Just look at WWE's ppv's for one. They are 3 hours and can't go over that 3 hour mark. All the matches are probably already determined ahead of time as far as how long the wrestlers will get to work in it. When you take that into consideration and a lot of other scripts to go by and rules over the years WWE has instilled into their wrestlers to go by, combined with having 12 shows a year which is overkill it makes ROH's ppv's easily better. 

The thing that pisses me off about WWE is I like to draw up the ppv cards for fun but as easy as they can have an amazing card where it leads to something bigger at the next ppv and you get some feuds/story lines out of it, then I watch raw and smackdown and see the matches WWE plans to do and they always fall way short of expectations and the ppv's never do anything to better the product. Then they wonder why nobody is buying them.


----------



## [MDB] (Oct 9, 2006)

Just finished watched the entire thing. My stream died half way but I got to see the rest last night and holy shit was it an amazing second half! Opener was fast paced and great, really think Reilly and Cole are going to have a huge future in the ROH Tag Team Division. Cobana/Perkins was a fun little match nothing more nothing less. Women's match was a little underwhelming in my opinion, felt like they we're trying to showcase the Women like you see in Shimmer but it came off just alright. Edwards/Dutt was actually quite good, now OMEGA wasn't involved but Dutt picked up the void into a nice solid encounter. Then Homicide/Daniels was decent, I actually expected a little bit more but I could understand given Homicide's injury and they wanted the time to allot the second half of the show. 

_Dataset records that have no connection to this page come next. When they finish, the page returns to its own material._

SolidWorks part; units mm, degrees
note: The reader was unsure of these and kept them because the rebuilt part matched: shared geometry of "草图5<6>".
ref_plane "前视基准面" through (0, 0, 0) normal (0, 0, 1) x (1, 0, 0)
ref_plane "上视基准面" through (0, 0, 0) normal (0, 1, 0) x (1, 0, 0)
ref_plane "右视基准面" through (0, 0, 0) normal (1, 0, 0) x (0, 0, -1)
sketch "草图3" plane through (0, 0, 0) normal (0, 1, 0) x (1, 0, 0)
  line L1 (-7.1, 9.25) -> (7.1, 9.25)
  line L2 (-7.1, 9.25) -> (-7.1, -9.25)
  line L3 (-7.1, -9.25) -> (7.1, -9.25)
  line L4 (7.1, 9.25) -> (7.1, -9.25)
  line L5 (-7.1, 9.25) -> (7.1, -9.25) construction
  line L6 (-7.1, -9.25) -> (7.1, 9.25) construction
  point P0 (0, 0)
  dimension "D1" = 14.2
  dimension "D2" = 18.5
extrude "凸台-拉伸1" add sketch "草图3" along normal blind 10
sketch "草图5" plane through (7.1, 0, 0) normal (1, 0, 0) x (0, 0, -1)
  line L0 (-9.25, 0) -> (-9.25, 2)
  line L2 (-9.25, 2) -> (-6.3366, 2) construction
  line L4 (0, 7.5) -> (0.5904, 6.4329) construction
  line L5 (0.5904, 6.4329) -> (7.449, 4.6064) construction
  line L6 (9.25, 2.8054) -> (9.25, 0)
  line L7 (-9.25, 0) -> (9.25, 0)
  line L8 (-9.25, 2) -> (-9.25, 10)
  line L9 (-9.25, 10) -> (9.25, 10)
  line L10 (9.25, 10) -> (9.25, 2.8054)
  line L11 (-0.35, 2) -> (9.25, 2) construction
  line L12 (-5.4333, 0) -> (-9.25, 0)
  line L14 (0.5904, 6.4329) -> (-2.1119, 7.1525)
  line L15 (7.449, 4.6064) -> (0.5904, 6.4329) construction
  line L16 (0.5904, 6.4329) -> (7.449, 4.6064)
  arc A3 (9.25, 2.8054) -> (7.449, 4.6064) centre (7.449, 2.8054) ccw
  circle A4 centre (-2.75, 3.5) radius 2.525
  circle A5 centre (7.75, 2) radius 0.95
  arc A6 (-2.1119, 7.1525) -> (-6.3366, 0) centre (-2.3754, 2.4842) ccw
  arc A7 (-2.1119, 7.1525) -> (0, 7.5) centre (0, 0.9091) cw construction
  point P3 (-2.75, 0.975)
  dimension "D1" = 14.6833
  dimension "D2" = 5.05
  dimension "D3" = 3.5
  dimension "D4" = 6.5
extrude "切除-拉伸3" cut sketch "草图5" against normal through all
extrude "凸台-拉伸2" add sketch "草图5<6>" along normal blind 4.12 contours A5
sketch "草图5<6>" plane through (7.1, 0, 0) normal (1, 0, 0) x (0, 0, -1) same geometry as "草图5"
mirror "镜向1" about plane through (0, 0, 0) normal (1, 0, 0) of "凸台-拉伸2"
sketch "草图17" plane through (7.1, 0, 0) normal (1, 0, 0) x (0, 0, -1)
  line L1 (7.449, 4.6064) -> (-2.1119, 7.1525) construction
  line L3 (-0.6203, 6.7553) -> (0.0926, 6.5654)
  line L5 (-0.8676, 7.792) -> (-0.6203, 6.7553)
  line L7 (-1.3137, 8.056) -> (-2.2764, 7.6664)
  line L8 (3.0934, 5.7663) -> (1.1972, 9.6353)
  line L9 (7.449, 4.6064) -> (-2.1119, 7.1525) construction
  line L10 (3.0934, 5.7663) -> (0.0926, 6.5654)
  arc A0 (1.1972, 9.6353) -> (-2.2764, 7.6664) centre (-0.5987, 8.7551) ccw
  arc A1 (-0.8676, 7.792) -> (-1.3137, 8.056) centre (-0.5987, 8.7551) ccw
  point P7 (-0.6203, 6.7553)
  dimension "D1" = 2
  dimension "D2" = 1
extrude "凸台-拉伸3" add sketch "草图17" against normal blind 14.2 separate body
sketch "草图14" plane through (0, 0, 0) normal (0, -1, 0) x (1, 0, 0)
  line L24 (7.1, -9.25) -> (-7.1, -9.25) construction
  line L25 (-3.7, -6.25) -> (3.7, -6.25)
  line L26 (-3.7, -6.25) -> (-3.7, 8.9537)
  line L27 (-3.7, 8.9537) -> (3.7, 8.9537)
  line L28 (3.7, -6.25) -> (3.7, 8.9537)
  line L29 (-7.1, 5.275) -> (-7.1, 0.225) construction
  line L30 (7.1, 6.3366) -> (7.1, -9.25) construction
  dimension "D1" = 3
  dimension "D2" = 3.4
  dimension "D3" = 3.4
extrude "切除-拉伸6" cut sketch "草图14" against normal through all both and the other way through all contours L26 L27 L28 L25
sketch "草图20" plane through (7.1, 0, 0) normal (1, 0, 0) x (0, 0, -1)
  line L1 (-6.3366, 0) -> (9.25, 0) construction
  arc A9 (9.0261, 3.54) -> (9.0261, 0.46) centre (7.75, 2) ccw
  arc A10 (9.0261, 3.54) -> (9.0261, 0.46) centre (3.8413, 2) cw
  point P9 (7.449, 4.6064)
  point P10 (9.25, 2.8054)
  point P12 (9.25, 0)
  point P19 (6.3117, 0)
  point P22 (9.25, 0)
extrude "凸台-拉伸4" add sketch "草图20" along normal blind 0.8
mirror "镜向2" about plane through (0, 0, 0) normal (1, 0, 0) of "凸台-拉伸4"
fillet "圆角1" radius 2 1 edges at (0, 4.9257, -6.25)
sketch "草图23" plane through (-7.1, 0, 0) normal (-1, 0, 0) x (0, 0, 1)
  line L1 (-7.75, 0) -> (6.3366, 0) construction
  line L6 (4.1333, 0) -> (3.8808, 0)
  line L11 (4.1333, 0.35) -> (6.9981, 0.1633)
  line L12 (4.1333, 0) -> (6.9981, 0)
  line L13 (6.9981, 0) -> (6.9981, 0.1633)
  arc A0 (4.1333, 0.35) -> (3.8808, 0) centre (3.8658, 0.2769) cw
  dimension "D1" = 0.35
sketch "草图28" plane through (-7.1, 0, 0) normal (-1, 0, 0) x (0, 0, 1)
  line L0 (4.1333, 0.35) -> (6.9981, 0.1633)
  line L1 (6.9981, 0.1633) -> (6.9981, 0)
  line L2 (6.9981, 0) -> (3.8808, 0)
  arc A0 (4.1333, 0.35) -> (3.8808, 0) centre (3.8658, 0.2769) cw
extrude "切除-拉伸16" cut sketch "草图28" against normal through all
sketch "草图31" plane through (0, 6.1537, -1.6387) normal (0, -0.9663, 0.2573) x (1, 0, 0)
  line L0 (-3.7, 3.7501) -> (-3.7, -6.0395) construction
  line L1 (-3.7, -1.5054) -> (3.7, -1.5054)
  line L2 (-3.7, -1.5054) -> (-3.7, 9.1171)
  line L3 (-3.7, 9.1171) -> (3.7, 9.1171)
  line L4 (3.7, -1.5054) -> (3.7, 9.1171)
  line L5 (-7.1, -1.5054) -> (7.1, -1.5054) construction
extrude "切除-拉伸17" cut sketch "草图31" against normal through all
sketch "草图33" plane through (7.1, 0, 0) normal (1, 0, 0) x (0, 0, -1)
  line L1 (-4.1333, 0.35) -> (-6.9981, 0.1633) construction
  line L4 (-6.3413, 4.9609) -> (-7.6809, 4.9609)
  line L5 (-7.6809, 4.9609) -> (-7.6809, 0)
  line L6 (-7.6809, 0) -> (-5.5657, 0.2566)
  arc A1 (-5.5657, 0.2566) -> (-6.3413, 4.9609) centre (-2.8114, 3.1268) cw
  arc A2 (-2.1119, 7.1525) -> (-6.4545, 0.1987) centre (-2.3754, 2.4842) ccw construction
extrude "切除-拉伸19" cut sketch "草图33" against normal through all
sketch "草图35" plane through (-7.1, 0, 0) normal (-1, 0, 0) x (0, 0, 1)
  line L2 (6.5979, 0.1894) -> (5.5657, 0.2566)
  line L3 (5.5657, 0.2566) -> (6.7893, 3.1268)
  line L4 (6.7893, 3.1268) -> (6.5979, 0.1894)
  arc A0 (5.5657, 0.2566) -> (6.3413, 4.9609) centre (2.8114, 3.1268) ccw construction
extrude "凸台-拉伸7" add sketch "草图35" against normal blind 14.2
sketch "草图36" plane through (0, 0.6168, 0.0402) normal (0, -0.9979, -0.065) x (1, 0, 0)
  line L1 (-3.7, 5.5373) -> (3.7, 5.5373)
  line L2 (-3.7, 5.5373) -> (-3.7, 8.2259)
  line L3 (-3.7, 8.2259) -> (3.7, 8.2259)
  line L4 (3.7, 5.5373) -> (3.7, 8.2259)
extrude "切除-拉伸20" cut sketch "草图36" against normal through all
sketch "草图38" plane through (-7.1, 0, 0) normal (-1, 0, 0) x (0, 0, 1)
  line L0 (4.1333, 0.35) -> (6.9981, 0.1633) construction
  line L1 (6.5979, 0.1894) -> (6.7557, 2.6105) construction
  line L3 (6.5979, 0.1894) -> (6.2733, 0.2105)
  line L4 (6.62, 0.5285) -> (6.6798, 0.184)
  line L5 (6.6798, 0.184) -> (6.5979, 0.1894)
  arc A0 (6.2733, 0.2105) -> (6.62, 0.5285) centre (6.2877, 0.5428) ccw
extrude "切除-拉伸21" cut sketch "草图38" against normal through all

This is where my stream died so I had to wait to watch the second half but damn was I glad after I got to see it. Six Man Tag was fun. Nothing more nothing less. I know the Briscoes/Kings have had better bouts but this was more of a family affair so I understood why it was the way it was. Loved the moves by Papa Briscoe, that guy is just insane! Decent match. Now here's where the PPV separates itself from an average show Strong/Richards HOLY FUCK! Was all I was saying from the get go. So many submission counters and move counters. Just sick spots all over, from Davey's godly dive to Rodericks crazy offense on the outside. The ending moments of this match we're so telling in the drive of Richards you could tell he would never give up for the fans but on this night Roderick simply had more gas in the tank. Cannot wait for a rematch between these two, excellent chemistry and just an amazing contest. You ask yourself after these kinds of matches, how could it be elevated? Well just put Kevin Steen and El Generico in the same ring and you've got that answer. 

This match was pure fucking hostility (Pantera reference ) Like it was brutal, emotional and all around fucking perfect storytelling. Right off the bat this match was fast paced, then it was slower paced but unlike a lot of matches the slower parts we're almost disturbing in the way Steen would lick his and Generico's blood like it was fuel for him to continue on. Everything and the kitchen sink we're used. Road signs, chains, chairs, tables, ladders and SPIT! Like, it's hard to even recap all the crazy shit they did in this match. But the ending was picture perfect in my opinion. They certainly ending this historical feud the best way. That chair shot was one of the most vicious shots I've ever witnessed and after the 1-2-3 I was floored. Great. Loved that match. 

So overall ROH Final Battle wasn't perfect but it didn't want to be. It was fast, dirty and you got everything you asked for. The double main event, both matches exceeded my expectations. With a stronger mid-card this PPV could of been PPV of the year but I think in my estimations it's tied w/ two other shows. Still taking nothing away from this show though. Order it. Buy it. Do whatever you need to do to watch this. *SPECIALLY* the main events.


----------



## saw iv (Nov 13, 2010)

i can't believe that really kevin steen is done in ROH ??!!

during 2010 he was one of the best things in ROH .. how he will gone !!!

i am so sad about that

but i am so high for rodyy's retain he doesn't hold the title as long as he deserve


----------



## SHIRLEY (Jun 9, 2009)

TaylorFitz said:


> You need to see the opener. It's the best non-main event match on the card.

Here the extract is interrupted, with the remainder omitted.